By the way, notice how my original insert into cars values(‘AS-229-ZT’) started failing: because my row has two columns now; so I have to either specify which column I’m inserting into (insert into cars (number) as above), or use default for the generated column:
1 2 |
mysql> insert into cars values('AS-229-ZT', default); # Valid Query OK, 1 row affected (0,00 sec) |
Let’s compare our three solutions for emulating CHECK constraints:
- the trigger/view solutions are powerful though complicated to deploy.

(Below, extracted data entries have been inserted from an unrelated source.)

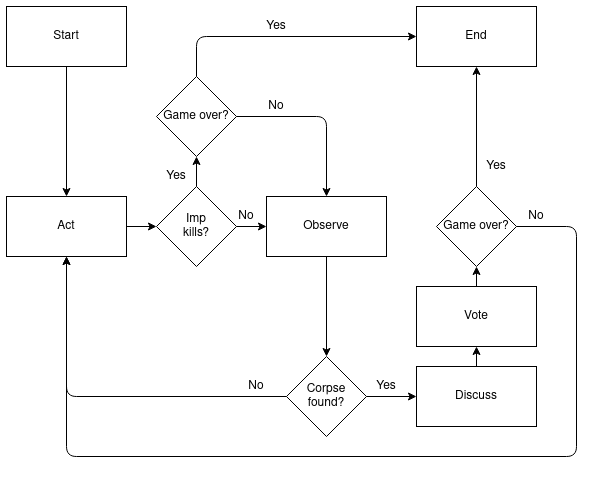

The diagram above was exported from draw.io. Its source (the exported page's mxGraphModel, read from the mxfile embedded in the PNG):
<mxGraphModel dx="813" dy="459" grid="1" gridSize="10" guides="1" tooltips="1" connect="1" arrows="1" fold="1" page="1" pageScale="1" pageWidth="850" pageHeight="1100" math="0" shadow="0">
  <root>
    <mxCell id="0" />
    <mxCell id="1" parent="0" />
    <mxCell id="ClGy_K4lnPdXB99Z1WEq-2" value="Act" style="rounded=0;whiteSpace=wrap;html=1;" vertex="1" parent="1">
      <mxGeometry x="130" y="240" width="120" height="60" as="geometry" />
    </mxCell>
    <mxCell id="ClGy_K4lnPdXB99Z1WEq-3" value="Observe" style="rounded=0;whiteSpace=wrap;html=1;" vertex="1" parent="1">
      <mxGeometry x="390" y="240" width="120" height="60" as="geometry" />
    </mxCell>
    <mxCell id="ClGy_K4lnPdXB99Z1WEq-5" value="Corpse found?" style="rhombus;whiteSpace=wrap;html=1;" vertex="1" parent="1">
      <mxGeometry x="410" y="400" width="80" height="80" as="geometry" />
    </mxCell>
    <mxCell id="ClGy_K4lnPdXB99Z1WEq-7" value="" style="endArrow=classic;html=1;exitX=0.5;exitY=1;exitDx=0;exitDy=0;" edge="1" parent="1" source="ClGy_K4lnPdXB99Z1WEq-3">
      <mxGeometry width="50" height="50" relative="1" as="geometry">
        <mxPoint x="590" y="400" as="sourcePoint" />
        <mxPoint x="450" y="400" as="targetPoint" />
      </mxGeometry>
    </mxCell>
    <mxCell id="ClGy_K4lnPdXB99Z1WEq-8" value="" style="endArrow=classic;html=1;exitX=0;exitY=0.5;exitDx=0;exitDy=0;entryX=0.5;entryY=1;entryDx=0;entryDy=0;" edge="1" parent="1" source="ClGy_K4lnPdXB99Z1WEq-5" target="ClGy_K4lnPdXB99Z1WEq-2">
      <mxGeometry width="50" height="50" relative="1" as="geometry">
        <mxPoint x="440" y="420" as="sourcePoint" />
        <mxPoint x="490" y="370" as="targetPoint" />
        <Array as="points">
          <mxPoint x="190" y="440" />
        </Array>
      </mxGeometry>
    </mxCell>
    <mxCell id="ClGy_K4lnPdXB99Z1WEq-9" value="No" style="text;html=1;strokeColor=none;fillColor=none;align=center;verticalAlign=middle;whiteSpace=wrap;rounded=0;" vertex="1" parent="1">
      <mxGeometry x="360" y="420" width="40" height="20" as="geometry" />
    </mxCell>
    <mxCell id="ClGy_K4lnPdXB99Z1WEq-10" value="Discuss" style="rounded=0;whiteSpace=wrap;html=1;" vertex="1" parent="1">
      <mxGeometry x="540" y="410" width="120" height="60" as="geometry" />
    </mxCell>
    <mxCell id="ClGy_K4lnPdXB99Z1WEq-11" value="" style="endArrow=classic;html=1;exitX=1;exitY=0.5;exitDx=0;exitDy=0;entryX=0;entryY=0.5;entryDx=0;entryDy=0;" edge="1" parent="1" source="ClGy_K4lnPdXB99Z1WEq-5" target="ClGy_K4lnPdXB99Z1WEq-10">
      <mxGeometry width="50" height="50" relative="1" as="geometry">
        <mxPoint x="550" y="390" as="sourcePoint" />
        <mxPoint x="600" y="340" as="targetPoint" />
      </mxGeometry>
    </mxCell>
    <mxCell id="ClGy_K4lnPdXB99Z1WEq-14" value="Imp&lt;br&gt;kills?" style="rhombus;whiteSpace=wrap;html=1;" vertex="1" parent="1">
      <mxGeometry x="280" y="230" width="80" height="80" as="geometry" />
    </mxCell>
    <mxCell id="ClGy_K4lnPdXB99Z1WEq-15" value="" style="endArrow=classic;html=1;exitX=1;exitY=0.5;exitDx=0;exitDy=0;entryX=0;entryY=0.5;entryDx=0;entryDy=0;" edge="1" parent="1" source="ClGy_K4lnPdXB99Z1WEq-2" target="ClGy_K4lnPdXB99Z1WEq-14">
      <mxGeometry width="50" height="50" relative="1" as="geometry">
        <mxPoint x="480" y="390" as="sourcePoint" />
        <mxPoint x="530" y="340" as="targetPoint" />
      </mxGeometry>
    </mxCell>
    <mxCell id="ClGy_K4lnPdXB99Z1WEq-17" value="Game over?" style="rhombus;whiteSpace=wrap;html=1;" vertex="1" parent="1">
      <mxGeometry x="280" y="120" width="80" height="80" as="geometry" />
    </mxCell>
    <mxCell id="ClGy_K4lnPdXB99Z1WEq-18" value="" style="endArrow=classic;html=1;exitX=0.5;exitY=0;exitDx=0;exitDy=0;entryX=0.5;entryY=1;entryDx=0;entryDy=0;" edge="1" parent="1" source="ClGy_K4lnPdXB99Z1WEq-14" target="ClGy_K4lnPdXB99Z1WEq-17">
      <mxGeometry width="50" height="50" relative="1" as="geometry">
        <mxPoint x="320" y="240" as="sourcePoint" />
        <mxPoint x="370" y="190" as="targetPoint" />
      </mxGeometry>
    </mxCell>
    <mxCell id="ClGy_K4lnPdXB99Z1WEq-20" value="Yes" style="text;html=1;strokeColor=none;fillColor=none;align=center;verticalAlign=middle;whiteSpace=wrap;rounded=0;" vertex="1" parent="1">
      <mxGeometry x="280" y="210" width="40" height="20" as="geometry" />
    </mxCell>
    <mxCell id="ClGy_K4lnPdXB99Z1WEq-21" value="" style="endArrow=classic;html=1;entryX=1;entryY=1;entryDx=0;entryDy=0;" edge="1" parent="1" target="ClGy_K4lnPdXB99Z1WEq-22">
      <mxGeometry width="50" height="50" relative="1" as="geometry">
        <mxPoint x="360" y="270" as="sourcePoint" />
        <mxPoint x="410" y="270" as="targetPoint" />
      </mxGeometry>
    </mxCell>
    <mxCell id="ClGy_K4lnPdXB99Z1WEq-22" value="No" style="text;html=1;strokeColor=none;fillColor=none;align=center;verticalAlign=middle;whiteSpace=wrap;rounded=0;" vertex="1" parent="1">
      <mxGeometry x="350" y="250" width="40" height="20" as="geometry" />
    </mxCell>
    <mxCell id="ClGy_K4lnPdXB99Z1WEq-23" value="" style="endArrow=classic;html=1;entryX=0.5;entryY=0;entryDx=0;entryDy=0;" edge="1" parent="1" target="ClGy_K4lnPdXB99Z1WEq-3">
      <mxGeometry width="50" height="50" relative="1" as="geometry">
        <mxPoint x="360" y="160" as="sourcePoint" />
        <mxPoint x="410" y="110" as="targetPoint" />
        <Array as="points">
          <mxPoint x="450" y="160" />
        </Array>
      </mxGeometry>
    </mxCell>
    <mxCell id="ClGy_K4lnPdXB99Z1WEq-24" value="No" style="text;html=1;strokeColor=none;fillColor=none;align=center;verticalAlign=middle;whiteSpace=wrap;rounded=0;" vertex="1" parent="1">
      <mxGeometry x="380" y="140" width="40" height="20" as="geometry" />
    </mxCell>
    <mxCell id="ClGy_K4lnPdXB99Z1WEq-25" value="Vote" style="rounded=0;whiteSpace=wrap;html=1;" vertex="1" parent="1">
      <mxGeometry x="540" y="330" width="120" height="60" as="geometry" />
    </mxCell>
    <mxCell id="ClGy_K4lnPdXB99Z1WEq-27" value="Game over?" style="rhombus;whiteSpace=wrap;html=1;" vertex="1" parent="1">
      <mxGeometry x="560" y="230" width="80" height="80" as="geometry" />
    </mxCell>
    <mxCell id="ClGy_K4lnPdXB99Z1WEq-29" value="" style="endArrow=classic;html=1;exitX=1;exitY=0.5;exitDx=0;exitDy=0;" edge="1" parent="1" source="ClGy_K4lnPdXB99Z1WEq-27">
      <mxGeometry width="50" height="50" relative="1" as="geometry">
        <mxPoint x="740" y="390" as="sourcePoint" />
        <mxPoint x="190" y="300" as="targetPoint" />
        <Array as="points">
          <mxPoint x="700" y="270" />
          <mxPoint x="700" y="500" />
          <mxPoint x="190" y="500" />
        </Array>
      </mxGeometry>
    </mxCell>
    <mxCell id="ClGy_K4lnPdXB99Z1WEq-31" value="" style="endArrow=classic;html=1;exitX=0.5;exitY=0;exitDx=0;exitDy=0;entryX=0.5;entryY=1;entryDx=0;entryDy=0;" edge="1" parent="1" source="ClGy_K4lnPdXB99Z1WEq-10" target="ClGy_K4lnPdXB99Z1WEq-25">
      <mxGeometry width="50" height="50" relative="1" as="geometry">
        <mxPoint x="570" y="380" as="sourcePoint" />
        <mxPoint x="620" y="330" as="targetPoint" />
      </mxGeometry>
    </mxCell>
    <mxCell id="ClGy_K4lnPdXB99Z1WEq-32" value="" style="endArrow=classic;html=1;exitX=0.5;exitY=0;exitDx=0;exitDy=0;entryX=0.5;entryY=1;entryDx=0;entryDy=0;" edge="1" parent="1" source="ClGy_K4lnPdXB99Z1WEq-25" target="ClGy_K4lnPdXB99Z1WEq-27">
      <mxGeometry width="50" height="50" relative="1" as="geometry">
        <mxPoint x="570" y="320" as="sourcePoint" />
        <mxPoint x="620" y="270" as="targetPoint" />
      </mxGeometry>
    </mxCell>
    <mxCell id="ClGy_K4lnPdXB99Z1WEq-33" value="Yes" style="text;html=1;strokeColor=none;fillColor=none;align=center;verticalAlign=middle;whiteSpace=wrap;rounded=0;" vertex="1" parent="1">
      <mxGeometry x="490" y="420" width="40" height="20" as="geometry" />
    </mxCell>
    <mxCell id="ClGy_K4lnPdXB99Z1WEq-36" value="No" style="text;html=1;strokeColor=none;fillColor=none;align=center;verticalAlign=middle;whiteSpace=wrap;rounded=0;" vertex="1" parent="1">
      <mxGeometry x="640" y="250" width="40" height="20" as="geometry" />
    </mxCell>
    <mxCell id="ClGy_K4lnPdXB99Z1WEq-37" value="End" style="rounded=0;whiteSpace=wrap;html=1;" vertex="1" parent="1">
      <mxGeometry x="540" y="50" width="120" height="60" as="geometry" />
    </mxCell>
    <mxCell id="ClGy_K4lnPdXB99Z1WEq-38" value="" style="endArrow=classic;html=1;entryX=0;entryY=0.5;entryDx=0;entryDy=0;" edge="1" parent="1" target="ClGy_K4lnPdXB99Z1WEq-37">
      <mxGeometry width="50" height="50" relative="1" as="geometry">
        <mxPoint x="320" y="120" as="sourcePoint" />
        <mxPoint x="370" y="70" as="targetPoint" />
        <Array as="points">
          <mxPoint x="320" y="80" />
        </Array>
      </mxGeometry>
    </mxCell>
    <mxCell id="ClGy_K4lnPdXB99Z1WEq-39" value="" style="endArrow=classic;html=1;entryX=0.5;entryY=1;entryDx=0;entryDy=0;" edge="1" parent="1" target="ClGy_K4lnPdXB99Z1WEq-37">
      <mxGeometry width="50" height="50" relative="1" as="geometry">
        <mxPoint x="600" y="230" as="sourcePoint" />
        <mxPoint x="650" y="180" as="targetPoint" />
      </mxGeometry>
    </mxCell>
    <mxCell id="ClGy_K4lnPdXB99Z1WEq-41" value="Start" style="rounded=0;whiteSpace=wrap;html=1;" vertex="1" parent="1">
      <mxGeometry x="130" y="50" width="120" height="60" as="geometry" />
    </mxCell>
    <mxCell id="ClGy_K4lnPdXB99Z1WEq-42" value="" style="endArrow=classic;html=1;exitX=0.5;exitY=1;exitDx=0;exitDy=0;" edge="1" parent="1" source="ClGy_K4lnPdXB99Z1WEq-41" target="ClGy_K4lnPdXB99Z1WEq-2">
      <mxGeometry width="50" height="50" relative="1" as="geometry">
        <mxPoint x="180" y="175" as="sourcePoint" />
        <mxPoint x="230" y="125" as="targetPoint" />
      </mxGeometry>
    </mxCell>
    <mxCell id="ClGy_K4lnPdXB99Z1WEq-43" value="Yes" style="text;html=1;strokeColor=none;fillColor=none;align=center;verticalAlign=middle;whiteSpace=wrap;rounded=0;" vertex="1" parent="1">
      <mxGeometry x="380" y="60" width="40" height="20" as="geometry" />
    </mxCell>
    <mxCell id="ClGy_K4lnPdXB99Z1WEq-44" value="Yes" style="text;html=1;strokeColor=none;fillColor=none;align=center;verticalAlign=middle;whiteSpace=wrap;rounded=0;" vertex="1" parent="1">
      <mxGeometry x="600" y="200" width="40" height="20" as="geometry" />
    </mxCell>
  </root>
</mxGraphModel>

- the generated-column solution is less powerful, as a generated column’s expression cannot contain any subquery; but it is easy to deploy, as it is attached directly to the table and takes just one line of SQL to create. For doing simple validity checks like the ones in my example, it is, in my opinion, the winner.
I hope some of these solutions will help you implement data validation in your MySQL tables. Thank you for using MySQL!